━━ SOURCE RECORDS

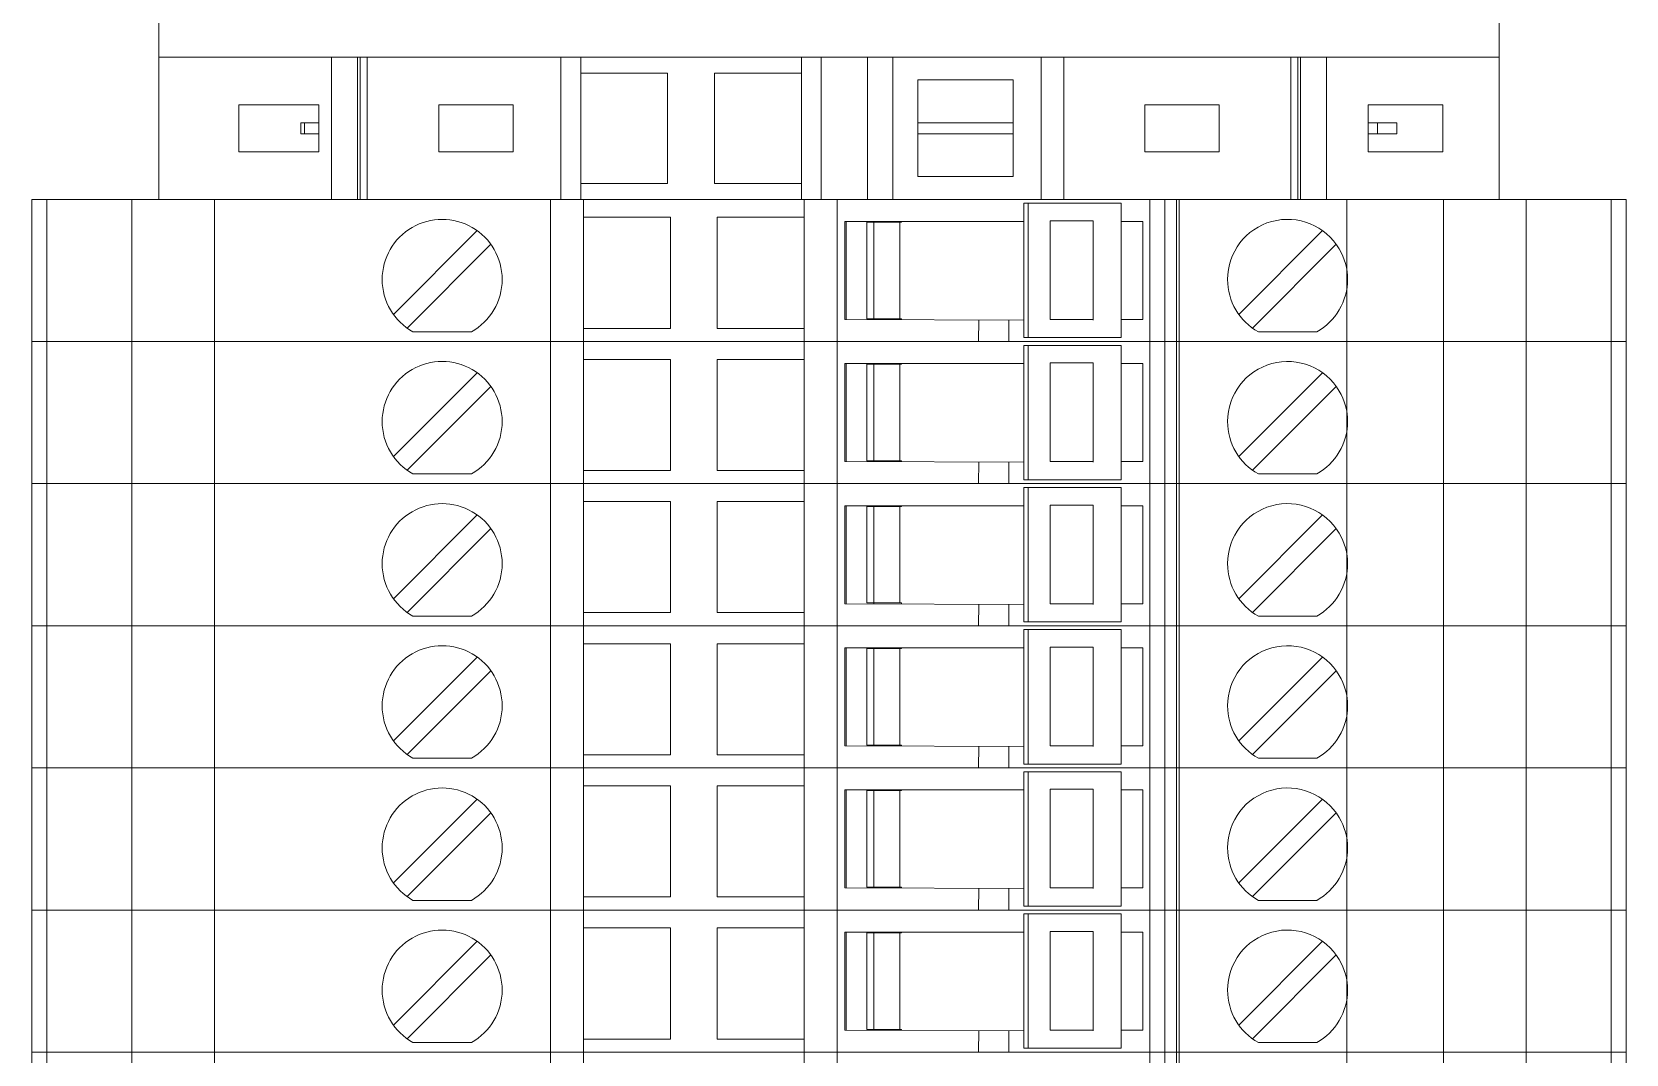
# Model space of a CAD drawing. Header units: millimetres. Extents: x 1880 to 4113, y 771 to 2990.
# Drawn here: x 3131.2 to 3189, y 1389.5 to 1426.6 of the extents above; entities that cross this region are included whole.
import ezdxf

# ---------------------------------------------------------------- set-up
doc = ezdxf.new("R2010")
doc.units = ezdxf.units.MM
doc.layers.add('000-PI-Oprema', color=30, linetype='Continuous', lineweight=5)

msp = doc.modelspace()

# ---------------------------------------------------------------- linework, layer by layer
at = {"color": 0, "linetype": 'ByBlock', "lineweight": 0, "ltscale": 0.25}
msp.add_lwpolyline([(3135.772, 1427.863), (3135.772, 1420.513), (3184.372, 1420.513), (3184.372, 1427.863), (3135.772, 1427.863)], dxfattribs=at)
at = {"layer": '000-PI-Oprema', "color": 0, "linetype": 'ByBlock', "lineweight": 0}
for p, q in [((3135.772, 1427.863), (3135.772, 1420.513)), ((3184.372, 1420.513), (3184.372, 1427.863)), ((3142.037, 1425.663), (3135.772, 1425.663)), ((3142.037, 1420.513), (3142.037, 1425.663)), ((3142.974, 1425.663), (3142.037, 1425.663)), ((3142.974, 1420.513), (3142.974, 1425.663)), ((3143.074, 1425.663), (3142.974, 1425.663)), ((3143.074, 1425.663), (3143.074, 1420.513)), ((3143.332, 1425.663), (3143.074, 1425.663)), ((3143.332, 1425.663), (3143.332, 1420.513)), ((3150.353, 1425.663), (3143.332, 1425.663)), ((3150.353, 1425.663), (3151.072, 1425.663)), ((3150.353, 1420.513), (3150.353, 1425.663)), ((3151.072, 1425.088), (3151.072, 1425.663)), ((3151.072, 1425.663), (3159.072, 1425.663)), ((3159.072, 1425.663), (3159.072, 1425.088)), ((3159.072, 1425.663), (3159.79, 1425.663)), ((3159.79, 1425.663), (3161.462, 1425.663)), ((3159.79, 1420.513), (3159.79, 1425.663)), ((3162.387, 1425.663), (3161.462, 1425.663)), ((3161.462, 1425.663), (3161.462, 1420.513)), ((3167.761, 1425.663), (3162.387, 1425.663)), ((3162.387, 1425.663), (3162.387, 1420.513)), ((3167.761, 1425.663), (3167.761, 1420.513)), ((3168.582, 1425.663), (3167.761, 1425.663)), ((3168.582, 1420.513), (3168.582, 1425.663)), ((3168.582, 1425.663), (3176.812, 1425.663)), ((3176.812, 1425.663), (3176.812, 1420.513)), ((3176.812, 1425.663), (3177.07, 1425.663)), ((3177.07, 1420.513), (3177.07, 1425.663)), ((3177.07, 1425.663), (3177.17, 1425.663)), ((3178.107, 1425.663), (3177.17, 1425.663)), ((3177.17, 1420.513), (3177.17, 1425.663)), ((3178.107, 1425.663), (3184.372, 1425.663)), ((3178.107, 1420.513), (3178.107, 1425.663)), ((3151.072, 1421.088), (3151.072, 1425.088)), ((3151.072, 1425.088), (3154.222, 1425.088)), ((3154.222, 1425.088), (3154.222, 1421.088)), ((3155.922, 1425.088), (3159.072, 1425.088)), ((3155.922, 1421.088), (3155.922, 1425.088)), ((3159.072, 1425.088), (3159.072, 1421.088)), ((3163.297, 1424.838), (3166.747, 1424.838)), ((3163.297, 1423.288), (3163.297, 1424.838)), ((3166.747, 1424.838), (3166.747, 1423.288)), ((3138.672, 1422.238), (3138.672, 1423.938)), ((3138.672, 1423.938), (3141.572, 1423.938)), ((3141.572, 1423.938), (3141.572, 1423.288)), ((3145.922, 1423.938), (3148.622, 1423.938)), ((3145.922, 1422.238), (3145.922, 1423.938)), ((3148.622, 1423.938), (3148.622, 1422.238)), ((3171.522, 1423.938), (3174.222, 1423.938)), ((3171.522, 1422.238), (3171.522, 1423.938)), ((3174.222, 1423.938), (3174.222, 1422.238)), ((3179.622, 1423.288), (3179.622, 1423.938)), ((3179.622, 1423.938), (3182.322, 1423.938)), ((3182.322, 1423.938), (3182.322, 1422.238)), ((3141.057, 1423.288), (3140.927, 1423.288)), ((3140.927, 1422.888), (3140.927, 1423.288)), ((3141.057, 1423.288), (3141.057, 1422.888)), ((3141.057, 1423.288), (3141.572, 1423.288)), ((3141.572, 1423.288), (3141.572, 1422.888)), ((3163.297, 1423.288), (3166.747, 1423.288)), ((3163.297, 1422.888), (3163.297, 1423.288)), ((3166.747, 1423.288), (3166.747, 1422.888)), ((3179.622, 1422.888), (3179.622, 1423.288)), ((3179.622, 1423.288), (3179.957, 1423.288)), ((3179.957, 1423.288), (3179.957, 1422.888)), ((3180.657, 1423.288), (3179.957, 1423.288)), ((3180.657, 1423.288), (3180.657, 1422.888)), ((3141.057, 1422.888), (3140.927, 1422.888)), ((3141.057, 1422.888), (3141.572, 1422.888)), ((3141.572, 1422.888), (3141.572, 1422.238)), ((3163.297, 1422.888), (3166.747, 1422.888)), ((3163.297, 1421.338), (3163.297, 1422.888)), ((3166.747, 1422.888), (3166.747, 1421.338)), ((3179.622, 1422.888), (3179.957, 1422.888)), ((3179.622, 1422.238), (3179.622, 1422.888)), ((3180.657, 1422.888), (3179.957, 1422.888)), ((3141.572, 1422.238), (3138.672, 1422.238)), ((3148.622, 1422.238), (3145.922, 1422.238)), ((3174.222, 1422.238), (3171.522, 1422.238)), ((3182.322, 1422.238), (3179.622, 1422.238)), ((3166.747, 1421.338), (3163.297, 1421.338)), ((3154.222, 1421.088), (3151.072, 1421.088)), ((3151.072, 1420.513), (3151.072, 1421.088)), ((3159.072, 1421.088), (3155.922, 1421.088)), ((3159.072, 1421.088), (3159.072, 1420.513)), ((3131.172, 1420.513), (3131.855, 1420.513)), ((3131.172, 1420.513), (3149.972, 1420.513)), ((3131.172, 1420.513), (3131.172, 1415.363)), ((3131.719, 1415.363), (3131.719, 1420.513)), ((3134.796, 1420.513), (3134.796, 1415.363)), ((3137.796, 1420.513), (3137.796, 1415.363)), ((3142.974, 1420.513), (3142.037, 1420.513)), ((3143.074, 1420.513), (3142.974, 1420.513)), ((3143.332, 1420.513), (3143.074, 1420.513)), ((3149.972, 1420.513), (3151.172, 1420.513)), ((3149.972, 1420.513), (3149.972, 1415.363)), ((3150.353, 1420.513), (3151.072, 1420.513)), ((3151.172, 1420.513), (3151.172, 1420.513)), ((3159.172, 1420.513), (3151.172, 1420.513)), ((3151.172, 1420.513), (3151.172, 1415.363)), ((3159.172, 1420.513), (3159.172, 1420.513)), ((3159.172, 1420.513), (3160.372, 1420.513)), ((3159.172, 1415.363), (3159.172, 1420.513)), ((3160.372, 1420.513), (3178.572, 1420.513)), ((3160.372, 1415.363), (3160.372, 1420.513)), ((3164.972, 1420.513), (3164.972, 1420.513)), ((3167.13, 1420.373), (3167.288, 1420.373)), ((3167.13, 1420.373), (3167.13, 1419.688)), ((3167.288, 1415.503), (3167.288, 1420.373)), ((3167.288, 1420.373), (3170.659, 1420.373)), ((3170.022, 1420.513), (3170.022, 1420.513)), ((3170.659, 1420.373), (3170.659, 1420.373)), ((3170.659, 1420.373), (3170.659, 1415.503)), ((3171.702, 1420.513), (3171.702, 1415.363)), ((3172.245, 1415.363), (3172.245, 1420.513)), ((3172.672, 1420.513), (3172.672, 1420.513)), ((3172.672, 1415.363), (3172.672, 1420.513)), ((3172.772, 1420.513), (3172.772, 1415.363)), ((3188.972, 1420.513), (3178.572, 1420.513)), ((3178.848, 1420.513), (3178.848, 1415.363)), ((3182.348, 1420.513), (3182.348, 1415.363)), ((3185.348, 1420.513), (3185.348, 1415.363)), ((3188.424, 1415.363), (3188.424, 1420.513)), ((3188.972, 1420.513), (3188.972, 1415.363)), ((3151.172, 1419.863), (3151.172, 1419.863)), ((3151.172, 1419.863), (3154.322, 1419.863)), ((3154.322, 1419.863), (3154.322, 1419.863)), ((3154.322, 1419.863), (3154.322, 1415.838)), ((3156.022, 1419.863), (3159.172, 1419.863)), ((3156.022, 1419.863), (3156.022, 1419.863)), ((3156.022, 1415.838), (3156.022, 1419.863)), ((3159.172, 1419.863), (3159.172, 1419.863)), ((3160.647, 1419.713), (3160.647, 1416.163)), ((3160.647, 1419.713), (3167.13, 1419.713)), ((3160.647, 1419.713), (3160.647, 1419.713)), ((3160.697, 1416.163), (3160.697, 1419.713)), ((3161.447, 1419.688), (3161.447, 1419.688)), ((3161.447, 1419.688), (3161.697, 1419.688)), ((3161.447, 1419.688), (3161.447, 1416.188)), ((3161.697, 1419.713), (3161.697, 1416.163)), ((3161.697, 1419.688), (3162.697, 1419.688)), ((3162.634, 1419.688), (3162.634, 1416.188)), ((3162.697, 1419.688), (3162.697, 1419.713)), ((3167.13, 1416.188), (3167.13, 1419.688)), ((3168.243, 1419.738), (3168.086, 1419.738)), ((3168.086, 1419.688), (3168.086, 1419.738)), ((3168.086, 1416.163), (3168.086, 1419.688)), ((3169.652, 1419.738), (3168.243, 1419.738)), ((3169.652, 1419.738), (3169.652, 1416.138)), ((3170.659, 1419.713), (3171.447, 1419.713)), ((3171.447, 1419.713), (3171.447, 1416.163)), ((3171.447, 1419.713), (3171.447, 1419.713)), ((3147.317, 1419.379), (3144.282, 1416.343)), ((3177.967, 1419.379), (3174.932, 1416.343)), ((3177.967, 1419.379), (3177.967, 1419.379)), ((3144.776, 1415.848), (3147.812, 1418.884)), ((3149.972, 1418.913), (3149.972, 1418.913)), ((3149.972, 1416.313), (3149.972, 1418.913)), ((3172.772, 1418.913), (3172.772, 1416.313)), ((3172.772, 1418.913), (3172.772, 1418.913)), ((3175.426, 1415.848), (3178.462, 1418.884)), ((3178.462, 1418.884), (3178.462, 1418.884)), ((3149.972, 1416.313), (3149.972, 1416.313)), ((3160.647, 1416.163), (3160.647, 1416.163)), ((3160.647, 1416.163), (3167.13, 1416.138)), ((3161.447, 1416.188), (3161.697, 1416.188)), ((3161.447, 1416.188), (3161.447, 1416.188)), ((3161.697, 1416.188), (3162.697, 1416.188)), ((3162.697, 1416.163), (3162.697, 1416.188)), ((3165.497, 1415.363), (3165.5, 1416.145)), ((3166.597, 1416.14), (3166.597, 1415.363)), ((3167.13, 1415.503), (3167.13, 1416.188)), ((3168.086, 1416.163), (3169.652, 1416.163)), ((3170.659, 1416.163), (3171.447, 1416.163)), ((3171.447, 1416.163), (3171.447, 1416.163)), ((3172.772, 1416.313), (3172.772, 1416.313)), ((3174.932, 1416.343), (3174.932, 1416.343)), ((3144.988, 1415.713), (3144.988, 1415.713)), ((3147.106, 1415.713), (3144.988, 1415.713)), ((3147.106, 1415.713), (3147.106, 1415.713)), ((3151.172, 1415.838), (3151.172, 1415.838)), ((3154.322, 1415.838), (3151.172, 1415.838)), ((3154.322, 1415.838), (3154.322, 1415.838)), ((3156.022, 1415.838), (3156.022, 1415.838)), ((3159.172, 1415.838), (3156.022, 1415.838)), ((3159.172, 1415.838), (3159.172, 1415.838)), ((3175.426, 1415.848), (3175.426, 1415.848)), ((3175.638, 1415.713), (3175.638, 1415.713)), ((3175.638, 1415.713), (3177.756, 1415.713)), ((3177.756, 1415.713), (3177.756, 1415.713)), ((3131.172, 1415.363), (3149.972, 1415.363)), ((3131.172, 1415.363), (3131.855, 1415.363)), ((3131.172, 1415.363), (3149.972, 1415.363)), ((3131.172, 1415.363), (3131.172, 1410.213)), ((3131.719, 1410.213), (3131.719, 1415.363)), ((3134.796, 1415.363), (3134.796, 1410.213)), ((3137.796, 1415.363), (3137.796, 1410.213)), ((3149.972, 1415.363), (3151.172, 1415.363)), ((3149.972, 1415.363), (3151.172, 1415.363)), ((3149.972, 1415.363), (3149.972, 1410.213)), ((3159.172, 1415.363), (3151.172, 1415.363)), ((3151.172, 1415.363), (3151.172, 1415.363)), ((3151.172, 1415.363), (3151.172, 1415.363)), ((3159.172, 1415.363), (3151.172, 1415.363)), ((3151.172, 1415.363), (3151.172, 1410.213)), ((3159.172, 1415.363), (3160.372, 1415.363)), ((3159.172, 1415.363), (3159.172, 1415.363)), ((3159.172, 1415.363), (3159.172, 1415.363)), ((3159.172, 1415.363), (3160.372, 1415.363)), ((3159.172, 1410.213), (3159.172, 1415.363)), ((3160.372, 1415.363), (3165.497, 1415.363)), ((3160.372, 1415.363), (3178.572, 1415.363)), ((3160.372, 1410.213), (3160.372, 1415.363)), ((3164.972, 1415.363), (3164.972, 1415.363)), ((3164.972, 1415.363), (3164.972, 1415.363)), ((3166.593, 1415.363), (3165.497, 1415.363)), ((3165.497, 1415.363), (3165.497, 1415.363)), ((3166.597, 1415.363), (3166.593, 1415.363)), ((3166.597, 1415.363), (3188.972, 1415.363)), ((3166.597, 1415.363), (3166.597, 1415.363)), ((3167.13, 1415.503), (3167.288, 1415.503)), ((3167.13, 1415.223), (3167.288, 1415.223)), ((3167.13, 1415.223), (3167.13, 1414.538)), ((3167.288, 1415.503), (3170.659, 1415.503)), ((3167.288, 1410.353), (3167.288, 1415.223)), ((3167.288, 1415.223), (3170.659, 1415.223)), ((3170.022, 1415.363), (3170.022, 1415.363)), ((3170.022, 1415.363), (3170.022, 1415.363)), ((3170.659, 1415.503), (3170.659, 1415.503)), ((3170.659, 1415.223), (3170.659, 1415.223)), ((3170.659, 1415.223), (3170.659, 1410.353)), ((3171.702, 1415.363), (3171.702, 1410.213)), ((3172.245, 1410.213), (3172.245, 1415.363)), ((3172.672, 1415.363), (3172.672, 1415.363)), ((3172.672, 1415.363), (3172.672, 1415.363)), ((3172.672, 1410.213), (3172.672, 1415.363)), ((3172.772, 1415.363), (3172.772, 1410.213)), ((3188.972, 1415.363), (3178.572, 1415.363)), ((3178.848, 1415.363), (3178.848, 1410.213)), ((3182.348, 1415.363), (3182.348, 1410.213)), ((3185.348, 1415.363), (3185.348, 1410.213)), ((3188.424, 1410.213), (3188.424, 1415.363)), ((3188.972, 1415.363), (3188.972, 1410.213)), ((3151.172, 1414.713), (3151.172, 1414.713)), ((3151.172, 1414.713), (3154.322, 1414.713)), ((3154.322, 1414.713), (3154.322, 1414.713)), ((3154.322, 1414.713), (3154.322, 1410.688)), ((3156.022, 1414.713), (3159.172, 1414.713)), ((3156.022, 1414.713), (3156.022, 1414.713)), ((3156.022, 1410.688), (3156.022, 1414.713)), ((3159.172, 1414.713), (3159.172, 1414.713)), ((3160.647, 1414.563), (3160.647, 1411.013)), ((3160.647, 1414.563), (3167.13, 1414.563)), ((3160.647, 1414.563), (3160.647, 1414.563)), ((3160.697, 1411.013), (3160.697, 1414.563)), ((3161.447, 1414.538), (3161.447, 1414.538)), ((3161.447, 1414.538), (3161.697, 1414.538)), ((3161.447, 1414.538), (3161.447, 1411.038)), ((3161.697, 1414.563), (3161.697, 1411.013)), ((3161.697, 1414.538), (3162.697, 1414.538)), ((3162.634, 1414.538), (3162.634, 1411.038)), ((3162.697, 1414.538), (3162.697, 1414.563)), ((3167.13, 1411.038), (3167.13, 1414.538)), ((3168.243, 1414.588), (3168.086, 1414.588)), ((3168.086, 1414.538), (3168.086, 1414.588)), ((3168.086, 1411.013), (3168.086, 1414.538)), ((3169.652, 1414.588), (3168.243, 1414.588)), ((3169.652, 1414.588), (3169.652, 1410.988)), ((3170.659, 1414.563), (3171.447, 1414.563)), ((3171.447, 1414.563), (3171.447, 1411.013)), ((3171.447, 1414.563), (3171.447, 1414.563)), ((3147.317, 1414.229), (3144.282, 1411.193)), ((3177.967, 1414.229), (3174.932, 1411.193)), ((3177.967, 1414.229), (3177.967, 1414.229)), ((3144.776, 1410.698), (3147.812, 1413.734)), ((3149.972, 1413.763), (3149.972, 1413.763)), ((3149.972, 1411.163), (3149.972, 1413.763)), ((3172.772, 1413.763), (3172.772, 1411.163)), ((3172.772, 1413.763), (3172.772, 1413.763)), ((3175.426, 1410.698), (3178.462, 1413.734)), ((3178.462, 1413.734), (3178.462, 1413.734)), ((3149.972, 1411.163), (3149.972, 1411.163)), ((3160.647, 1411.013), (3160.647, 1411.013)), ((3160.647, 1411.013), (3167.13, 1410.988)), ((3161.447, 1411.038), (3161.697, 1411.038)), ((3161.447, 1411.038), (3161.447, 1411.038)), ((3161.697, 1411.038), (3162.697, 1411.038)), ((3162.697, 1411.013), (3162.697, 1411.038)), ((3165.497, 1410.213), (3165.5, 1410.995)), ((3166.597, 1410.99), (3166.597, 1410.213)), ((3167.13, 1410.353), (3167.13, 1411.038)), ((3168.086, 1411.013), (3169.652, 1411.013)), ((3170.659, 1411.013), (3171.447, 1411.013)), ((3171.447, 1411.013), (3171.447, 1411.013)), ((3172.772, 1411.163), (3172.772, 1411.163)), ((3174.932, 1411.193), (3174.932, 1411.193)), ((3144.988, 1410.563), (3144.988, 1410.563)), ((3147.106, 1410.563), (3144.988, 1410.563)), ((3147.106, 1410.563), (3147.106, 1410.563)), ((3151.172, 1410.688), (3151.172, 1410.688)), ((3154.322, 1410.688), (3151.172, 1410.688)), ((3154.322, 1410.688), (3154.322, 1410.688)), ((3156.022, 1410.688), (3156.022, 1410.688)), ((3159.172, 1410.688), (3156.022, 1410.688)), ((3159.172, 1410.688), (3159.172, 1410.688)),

━━━━

Wherever the string "linetype" is found in the entries, copy the line it sits in.

doc.layers.add('000-PI-Oprema', color=30, linetype='Continuous', lineweight=5)
at = {"color": 0, "linetype": 'ByBlock', "lineweight": 0, "ltscale": 0.25}
at = {"layer": '000-PI-Oprema', "color": 0, "linetype": 'ByBlock', "lineweight": 0}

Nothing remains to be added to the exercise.